## [Your assignment]
Reproduce each line of the following material exactly, omitting the images.

*** Begin section ***

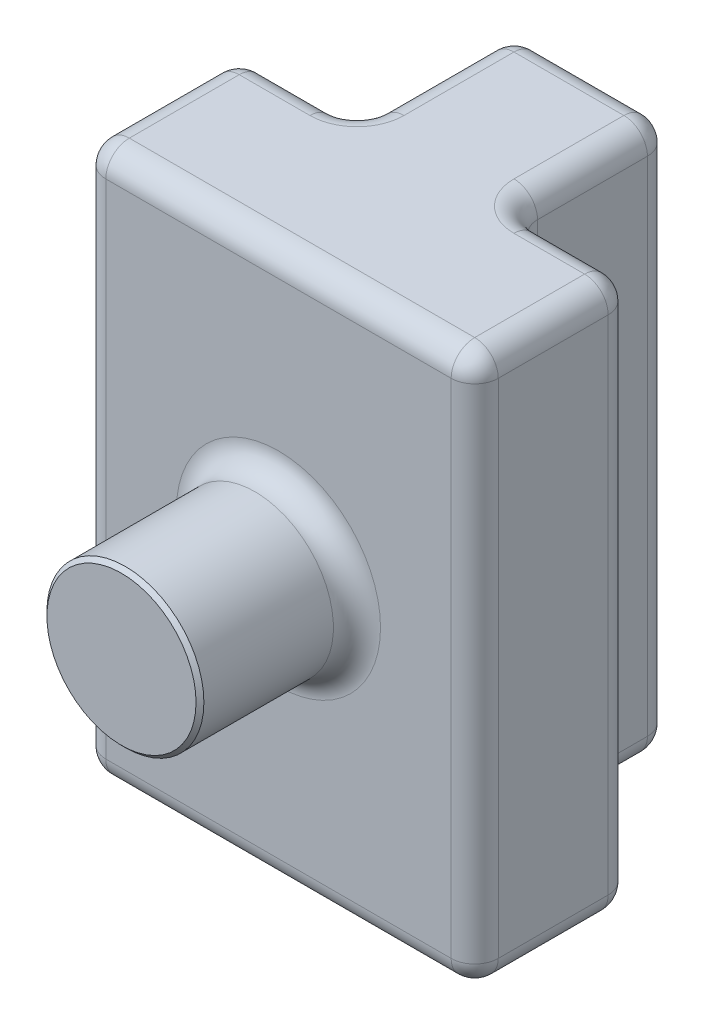
from build123d import *

# Parameters (mm, degrees)
BOSS_EXTRUDE1_DEPTH = 35
SKETCH2_R           = 10
BOSS_EXTRUDE2_DEPTH = 20
FILLET1_R           = 3
CHAMFER1_SIZE       = 0.5


with BuildPart() as part:
    # Sketch1 → Boss-Extrude1 (new, symmetric)
    with BuildSketch(Plane(origin=(0, 0, 0), x_dir=(1, 0, 0), z_dir=(0, 1, 0))):
        Polygon((25, 0), (-25, 0), (-25, 20), (-10, 20), (-10, 40), (10, 40), (10, 20), (25, 20), align=None)
    extrude(amount=BOSS_EXTRUDE1_DEPTH, both=True)

    # Sketch2 → Boss-Extrude2 (add)
    with BuildSketch(Plane.XY):
        Circle(SKETCH2_R)
    extrude(amount=BOSS_EXTRUDE2_DEPTH)

    # Fillet1
    fillet1_edges = [part.edges().sort_by_distance(p)[0] for p in [
        (25, -35, -10),
        (0, -35, 0),
        (-25, -35, -10),
        (-17.5, -35, -20),
        (0, 35, 0),
        (-10, 0, -20),
        (-10, 0, -40),
        (10, 0, -40),
        (10, 0, -20),
        (25, 0, -20),
        (25, 0, 0),
        (-25, 0, 0),
        (-25, 0, -20),
        (25, 35, -10),
        (17.5, 35, -20),
        (-10, 0, 0),
        (10, 35, -30),
        (0, 35, -40),
        (-10, 35, -30),
        (-17.5, 35, -20),
        (-10, -35, -30),
        (-25, 35, -10),
        (0, -35, -40),
        (10, -35, -30),
        (17.5, -35, -20),
    ]]
    fillet(fillet1_edges, radius=FILLET1_R)

    # Chamfer1
    chamfer1_edges = [part.edges().sort_by_distance(p)[0] for p in [
        (-10, 0, 20),
    ]]
    chamfer(chamfer1_edges, length=CHAMFER1_SIZE)


solid = part.part

*** End section ***

## [Response area]
from build123d import *

# Parameters (mm, degrees)
BOSS_EXTRUDE1_DEPTH = 35
SKETCH2_R           = 10
BOSS_EXTRUDE2_DEPTH = 20
FILLET1_R           = 3
CHAMFER1_SIZE       = 0.5


with BuildPart() as part:
    # Sketch1 → Boss-Extrude1 (new, symmetric)
    with BuildSketch(Plane(origin=(0, 0, 0), x_dir=(1, 0, 0), z_dir=(0, 1, 0))):
        Polygon((25, 0), (-25, 0), (-25, 20), (-10, 20), (-10, 40), (10, 40), (10, 20), (25, 20), align=None)
    extrude(amount=BOSS_EXTRUDE1_DEPTH, both=True)

    # Sketch2 → Boss-Extrude2 (add)
    with BuildSketch(Plane.XY):
        Circle(SKETCH2_R)
    extrude(amount=BOSS_EXTRUDE2_DEPTH)

    # Fillet1
    fillet1_edges = [part.edges().sort_by_distance(p)[0] for p in [
        (25, -35, -10),
        (0, -35, 0),
        (-25, -35, -10),
        (-17.5, -35, -20),
        (0, 35, 0),
        (-10, 0, -20),
        (-10, 0, -40),
        (10, 0, -40),
        (10, 0, -20),
        (25, 0, -20),
        (25, 0, 0),
        (-25, 0, 0),
        (-25, 0, -20),
        (25, 35, -10),
        (17.5, 35, -20),
        (-10, 0, 0),
        (10, 35, -30),
        (0, 35, -40),
        (-10, 35, -30),
        (-17.5, 35, -20),
        (-10, -35, -30),
        (-25, 35, -10),
        (0, -35, -40),
        (10, -35, -30),
        (17.5, -35, -20),
    ]]
    fillet(fillet1_edges, radius=FILLET1_R)

    # Chamfer1
    chamfer1_edges = [part.edges().sort_by_distance(p)[0] for p in [
        (-10, 0, 20),
    ]]
    chamfer(chamfer1_edges, length=CHAMFER1_SIZE)


solid = part.part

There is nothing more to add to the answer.